Study III showed that having a mother or a father with psychiatric, but not somatic, illness that necessitated hospitalisation after completing compulsory schooling was associated with an increased probability of leaving upper secondary school before completion. No significant gender-based differences in this were found. Results presented in Study IV showed that having one or more siblings with health problems that necessitated recurrent hospitalisations was associated with lower grades. Children with ill siblings were also less likely to be eligible for an upper secondary education compared to children whose siblings did not have poor health. Socioeconomic background did not affect this educational disadvantage.

Results presented in this thesis clearly corroborate the importance of health for children’s education. Children’s educational achievements at the end of compulsory school are inversely related to mental health problems in their adolescence. Thus, academic competence may have positive effects on certain aspects of young people’s mental health, which underscores the importance of promoting opportunities for youth to do as well as they can in school.

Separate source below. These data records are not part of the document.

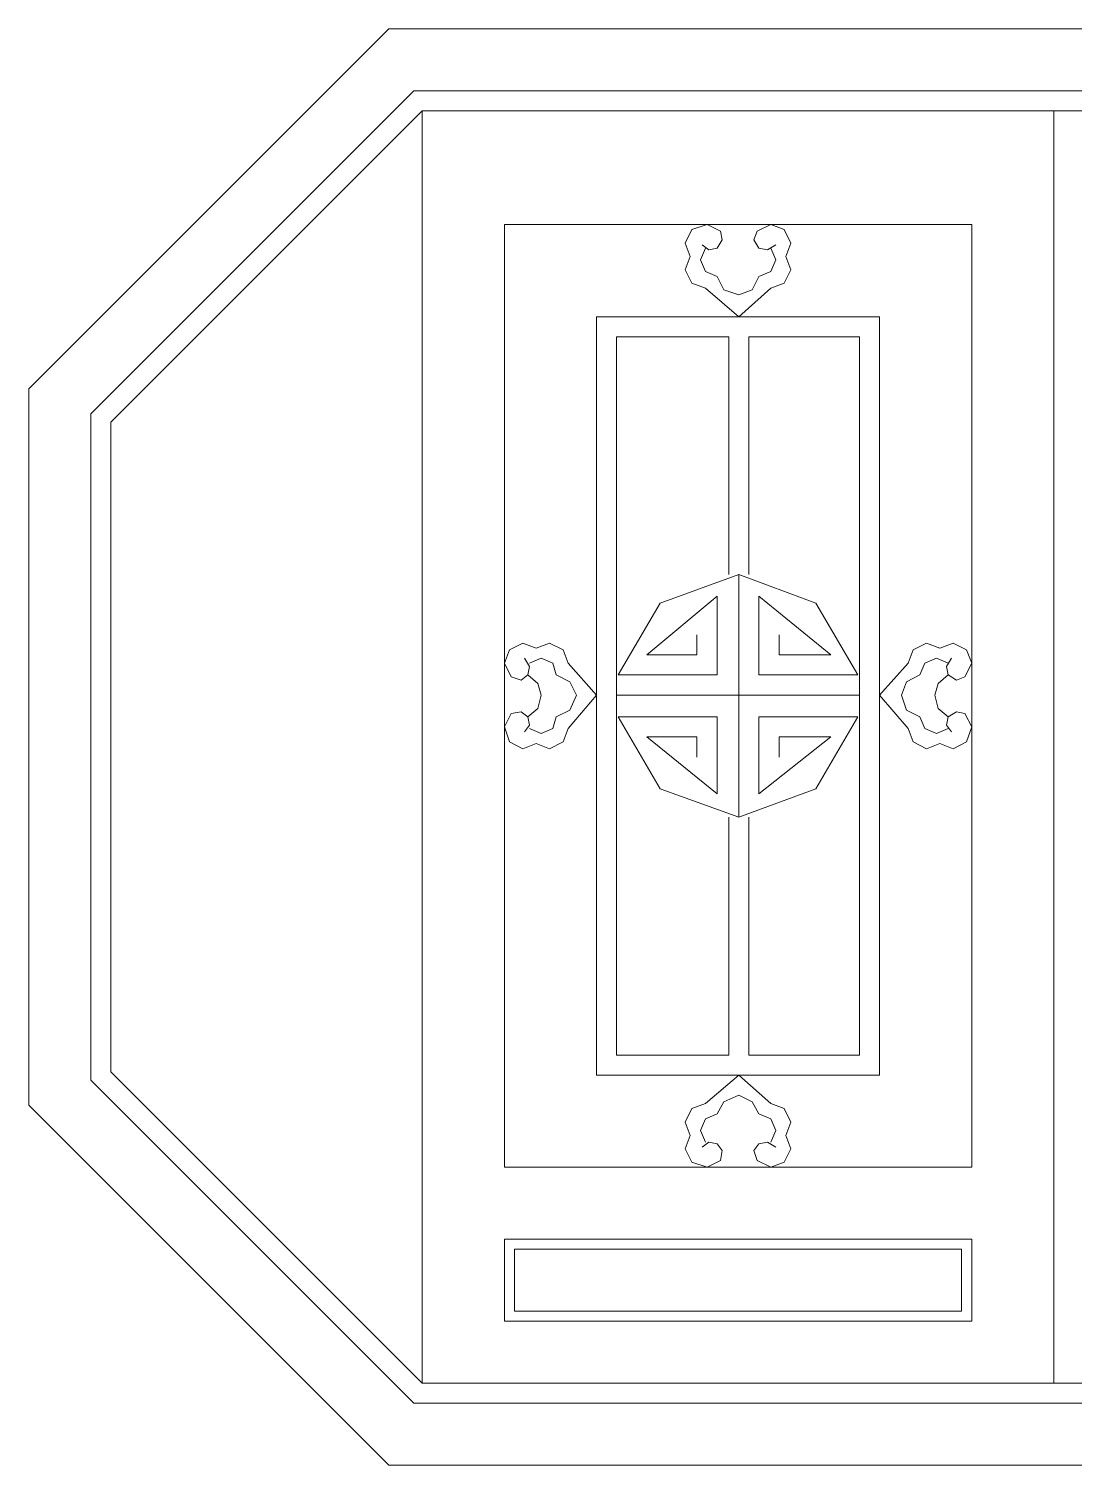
# Model space of a CAD drawing. Header units: centimetres. Extents: x -9.9 to 7.2, y -2.2 to 9.8.
# Drawn here: x -9.9 to -1.17, y -2.24 to 9.77 of the extents above; entities that cross this region are included whole.
import ezdxf

# ---------------------------------------------------------------- set-up
doc = ezdxf.new("R2010")
doc.units = ezdxf.units.CM
doc.header["$MEASUREMENT"] = 0
doc.layers.add('layer 1', color=7, linetype='Continuous')

msp = doc.modelspace()

# ---------------------------------------------------------------- linework, layer by layer
at = {"layer": 'layer 1', "color": 250, "lineweight": 0}
for points, knots in [([(-9.90429, 6.76236), (-9.90429, 6.76236), (-6.89485, 9.7718), (-6.89485, 9.7718), (-6.89485, 9.7718), (-6.89485, 9.7718), (4.23293, 9.7718), (4.23293, 9.7718), (4.23293, 9.7718), (4.23293, 9.7718), (7.22851, 6.76236), (7.22851, 6.76236), (7.22851, 6.76236), (7.22851, 6.76236), (7.22851, 0.77137), (7.22851, 0.77137), (7.22851, 0.77137), (7.22851, 0.77137), (4.23293, -2.23807), (4.23293, -2.23807), (4.23293, -2.23807), (4.23293, -2.23807), (-6.89485, -2.23807), (-6.89485, -2.23807), (-6.89485, -2.23807), (-6.89485, -2.23807), (-9.90429, 0.77137), (-9.90429, 0.77137), (-9.90429, 0.77137), (-9.90429, 0.77137), (-9.90429, 6.76236), (-9.90429, 6.76236)], [0, 0, 0, 0, 0.125, 0.125, 0.125, 0.125, 0.25, 0.25, 0.25, 0.25, 0.375, 0.375, 0.375, 0.375, 0.5, 0.5, 0.5, 0.5, 0.625, 0.625, 0.625, 0.625, 0.75, 0.75, 0.75, 0.75, 0.875, 0.875, 0.875, 0.875, 1, 1, 1, 1]), ([(-9.38644, 6.55227), (-9.38644, 6.55227), (-6.68494, 9.25377), (-6.68494, 9.25377), (-6.68494, 9.25377), (-6.68494, 9.25377), (4.02302, 9.25377), (4.02302, 9.25377), (4.02302, 9.25377), (4.02302, 9.25377), (6.72451, 6.55227), (6.72451, 6.55227), (6.72451, 6.55227), (6.72451, 6.55227), (6.72451, 0.98146), (6.72451, 0.98146), (6.72451, 0.98146), (6.72451, 0.98146), (4.02302, -1.72004), (4.02302, -1.72004), (4.02302, -1.72004), (4.02302, -1.72004), (-6.68494, -1.72004), (-6.68494, -1.72004), (-6.68494, -1.72004), (-6.68494, -1.72004), (-9.38644, 0.98146), (-9.38644, 0.98146), (-9.38644, 0.98146), (-9.38644, 0.98146), (-9.38644, 6.55227), (-9.38644, 6.55227)], [0, 0, 0, 0, 0.125, 0.125, 0.125, 0.125, 0.25, 0.25, 0.25, 0.25, 0.375, 0.375, 0.375, 0.375, 0.5, 0.5, 0.5, 0.5, 0.625, 0.625, 0.625, 0.625, 0.75, 0.75, 0.75, 0.75, 0.875, 0.875, 0.875, 0.875, 1, 1, 1, 1]), ([(-9.21844, 6.4823), (-9.21844, 6.4823), (-6.61497, 9.08595), (-6.61497, 9.08595), (-6.61497, 9.08595), (-6.61497, 9.08595), (3.95304, 9.08595), (3.95304, 9.08595), (3.95304, 9.08595), (3.95304, 9.08595), (6.55651, 6.4823), (6.55651, 6.4823), (6.55651, 6.4823), (6.55651, 6.4823), (6.55651, 1.05143), (6.55651, 1.05143), (6.55651, 1.05143), (6.55651, 1.05143), (3.95304, -1.55222), (3.95304, -1.55222), (3.95304, -1.55222), (3.95304, -1.55222), (-6.61497, -1.55222), (-6.61497, -1.55222), (-6.61497, -1.55222), (-6.61497, -1.55222), (-9.21844, 1.05143), (-9.21844, 1.05143), (-9.21844, 1.05143), (-9.21844, 1.05143), (-9.21844, 6.4823), (-9.21844, 6.4823)], [0, 0, 0, 0, 0.125, 0.125, 0.125, 0.125, 0.25, 0.25, 0.25, 0.25, 0.375, 0.375, 0.375, 0.375, 0.5, 0.5, 0.5, 0.5, 0.625, 0.625, 0.625, 0.625, 0.75, 0.75, 0.75, 0.75, 0.875, 0.875, 0.875, 0.875, 1, 1, 1, 1]), ([(-2.02392, 8.13407), (-2.02392, 8.13407), (-2.02392, 0.25352), (-2.02392, 0.25352), (-2.02392, 0.25352), (-2.02392, 0.25352), (-5.92912, 0.25352), (-5.92912, 0.25352), (-5.92912, 0.25352), (-5.92912, 0.25352), (-5.92912, 8.13407), (-5.92912, 8.13407), (-5.92912, 8.13407), (-5.92912, 8.13407), (-2.02392, 8.13407), (-2.02392, 8.13407)], [0, 0, 0, 0, 0.25, 0.25, 0.25, 0.25, 0.5, 0.5, 0.5, 0.5, 0.75, 0.75, 0.75, 0.75, 1, 1, 1, 1]), ([(-4.27735, 7.96607), (-4.27735, 7.96607), (-4.22141, 7.92415), (-4.22141, 7.92415), (-4.22141, 7.92415), (-4.22141, 7.92415), (-4.15144, 7.93801), (-4.15144, 7.93801), (-4.15144, 7.93801), (-4.15144, 7.93801), (-4.10935, 8.00798), (-4.10935, 8.00798), (-4.10935, 8.00798), (-4.10935, 8.00798), (-4.12338, 8.07813), (-4.12338, 8.07813), (-4.12338, 8.07813), (-4.12338, 8.07813), (-4.23544, 8.13407), (-4.23544, 8.13407), (-4.23544, 8.13407), (-4.23544, 8.13407), (-4.36135, 8.09198), (-4.36135, 8.09198), (-4.36135, 8.09198), (-4.36135, 8.09198), (-4.41729, 7.9801), (-4.41729, 7.9801), (-4.41729, 7.9801), (-4.41729, 7.9801), (-4.37538, 7.86803), (-4.37538, 7.86803), (-4.37538, 7.86803), (-4.37538, 7.86803), (-4.41729, 7.75615), (-4.41729, 7.75615), (-4.41729, 7.75615), (-4.41729, 7.75615), (-4.36135, 7.64409), (-4.36135, 7.64409), (-4.36135, 7.64409), (-4.36135, 7.64409), (-4.24947, 7.60218), (-4.24947, 7.60218), (-4.24947, 7.60218), (-4.24947, 7.60218), (-3.96941, 7.36421), (-3.96941, 7.36421), (-3.96941, 7.36421), (-3.96941, 7.36421), (-3.70356, 7.60218), (-3.70356, 7.60218), (-3.70356, 7.60218), (-3.70356, 7.60218), (-3.5915, 7.64409), (-3.5915, 7.64409), (-3.5915, 7.64409), (-3.5915, 7.64409), (-3.53556, 7.75615), (-3.53556, 7.75615), (-3.53556, 7.75615), (-3.53556, 7.75615), (-3.57747, 7.86803), (-3.57747, 7.86803), (-3.57747, 7.86803), (-3.57747, 7.86803), (-3.53556, 7.9801), (-3.53556, 7.9801), (-3.53556, 7.9801), (-3.53556, 7.9801), (-3.5915, 8.09198), (-3.5915, 8.09198), (-3.5915, 8.09198), (-3.5915, 8.09198), (-3.70356, 8.13407), (-3.70356, 8.13407), (-3.70356, 8.13407), (-3.70356, 8.13407), (-3.81544, 8.07813), (-3.81544, 8.07813), (-3.81544, 8.07813), (-3.81544, 8.07813), (-3.8435, 8.00798), (-3.8435, 8.00798), (-3.8435, 8.00798), (-3.8435, 8.00798), (-3.80141, 7.93801), (-3.80141, 7.93801), (-3.80141, 7.93801), (-3.80141, 7.93801), (-3.73144, 7.92415), (-3.73144, 7.92415), (-3.73144, 7.92415), (-3.73144, 7.92415), (-3.66147, 7.96607), (-3.66147, 7.96607)], [0, 0, 0, 0, 0.04166667, 0.04166667, 0.04166667, 0.04166667, 0.08333333, 0.08333333, 0.08333333, 0.08333333, 0.125, 0.125, 0.125, 0.125, 0.16666667, 0.16666667, 0.16666667, 0.16666667, 0.20833333, 0.20833333, 0.20833333, 0.20833333, 0.25, 0.25, 0.25, 0.25, 0.29166667, 0.29166667, 0.29166667, 0.29166667, 0.33333333, 0.33333333, 0.33333333, 0.33333333, 0.375, 0.375, 0.375, 0.375, 0.41666667, 0.41666667, 0.41666667, 0.41666667, 0.45833333, 0.45833333, 0.45833333, 0.45833333, 0.5, 0.5, 0.5, 0.5, 0.54166667, 0.54166667, 0.54166667, 0.54166667, 0.58333333, 0.58333333, 0.58333333, 0.58333333, 0.625, 0.625, 0.625, 0.625, 0.66666667, 0.66666667, 0.66666667, 0.66666667, 0.70833333, 0.70833333, 0.70833333, 0.70833333, 0.75, 0.75, 0.75, 0.75, 0.79166667, 0.79166667, 0.79166667, 0.79166667, 0.83333333, 0.83333333, 0.83333333, 0.83333333, 0.875, 0.875, 0.875, 0.875, 0.91666667, 0.91666667, 0.91666667, 0.91666667, 0.95833333, 0.95833333, 0.95833333, 0.95833333, 1, 1, 1, 1]), ([(-4.24947, 7.93801), (-4.24947, 7.93801), (-4.29138, 7.84015), (-4.29138, 7.84015), (-4.29138, 7.84015), (-4.29138, 7.84015), (-4.24947, 7.74212), (-4.24947, 7.74212), (-4.24947, 7.74212), (-4.24947, 7.74212), (-4.15144, 7.70003), (-4.15144, 7.70003), (-4.15144, 7.70003), (-4.15144, 7.70003), (-4.0955, 7.58815), (-4.0955, 7.58815), (-4.0955, 7.58815), (-4.0955, 7.58815), (-3.96941, 7.54606), (-3.96941, 7.54606), (-3.96941, 7.54606), (-3.96941, 7.54606), (-3.85753, 7.58815), (-3.85753, 7.58815), (-3.85753, 7.58815), (-3.85753, 7.58815), (-3.80141, 7.70003), (-3.80141, 7.70003), (-3.80141, 7.70003), (-3.80141, 7.70003), (-3.70356, 7.74212), (-3.70356, 7.74212), (-3.70356, 7.74212), (-3.70356, 7.74212), (-3.66147, 7.84015), (-3.66147, 7.84015), (-3.66147, 7.84015), (-3.66147, 7.84015), (-3.70356, 7.93801), (-3.70356, 7.93801)], [0, 0, 0, 0, 0.1, 0.1, 0.1, 0.1, 0.2, 0.2, 0.2, 0.2, 0.3, 0.3, 0.3, 0.3, 0.4, 0.4, 0.4, 0.4, 0.5, 0.5, 0.5, 0.5, 0.6, 0.6, 0.6, 0.6, 0.7, 0.7, 0.7, 0.7, 0.8, 0.8, 0.8, 0.8, 0.9, 0.9, 0.9, 0.9, 1, 1, 1, 1]), ([(-2.79377, 7.36421), (-2.79377, 7.36421), (-2.79377, 1.02337), (-2.79377, 1.02337), (-2.79377, 1.02337), (-2.79377, 1.02337), (-5.15927, 1.02337), (-5.15927, 1.02337), (-5.15927, 1.02337), (-5.15927, 1.02337), (-5.15927, 7.36421), (-5.15927, 7.36421), (-5.15927, 7.36421), (-5.15927, 7.36421), (-2.79377, 7.36421), (-2.79377, 7.36421)], [0, 0, 0, 0, 0.25, 0.25, 0.25, 0.25, 0.5, 0.5, 0.5, 0.5, 0.75, 0.75, 0.75, 0.75, 1, 1, 1, 1]), ([(-4.05341, 1.19137), (-4.05341, 1.19137), (-4.99127, 1.19137), (-4.99127, 1.19137), (-4.99127, 1.19137), (-4.99127, 1.19137), (-4.99127, 7.19621), (-4.99127, 7.19621), (-4.99127, 7.19621), (-4.99127, 7.19621), (-4.05341, 7.19621), (-4.05341, 7.19621)], [0, 0, 0, 0, 0.33333333, 0.33333333, 0.33333333, 0.33333333, 0.66666667, 0.66666667, 0.66666667, 0.66666667, 1, 1, 1, 1]), ([(-3.88541, 7.19621), (-3.88541, 7.19621), (-2.96159, 7.19621), (-2.96159, 7.19621), (-2.96159, 7.19621), (-2.96159, 7.19621), (-2.96159, 1.19137), (-2.96159, 1.19137), (-2.96159, 1.19137), (-2.96159, 1.19137), (-3.88541, 1.19137), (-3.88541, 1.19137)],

The reciprocal aspect of the relationship between mental health and academic performance among school-aged children remains an important issue that requires further investigation. However, health is not just an individual issue; parents’ and siblings’ health problems can affect children and have negative ‘spillover’ effects on their schooling and educational achievements. This underlines the importance of a psychosocial perspective when identifying children’s difficulties in school. Taken together, health, and thus the school’s student health task, is highly associated with academic achievement and schools’ pedagogical responsibilities.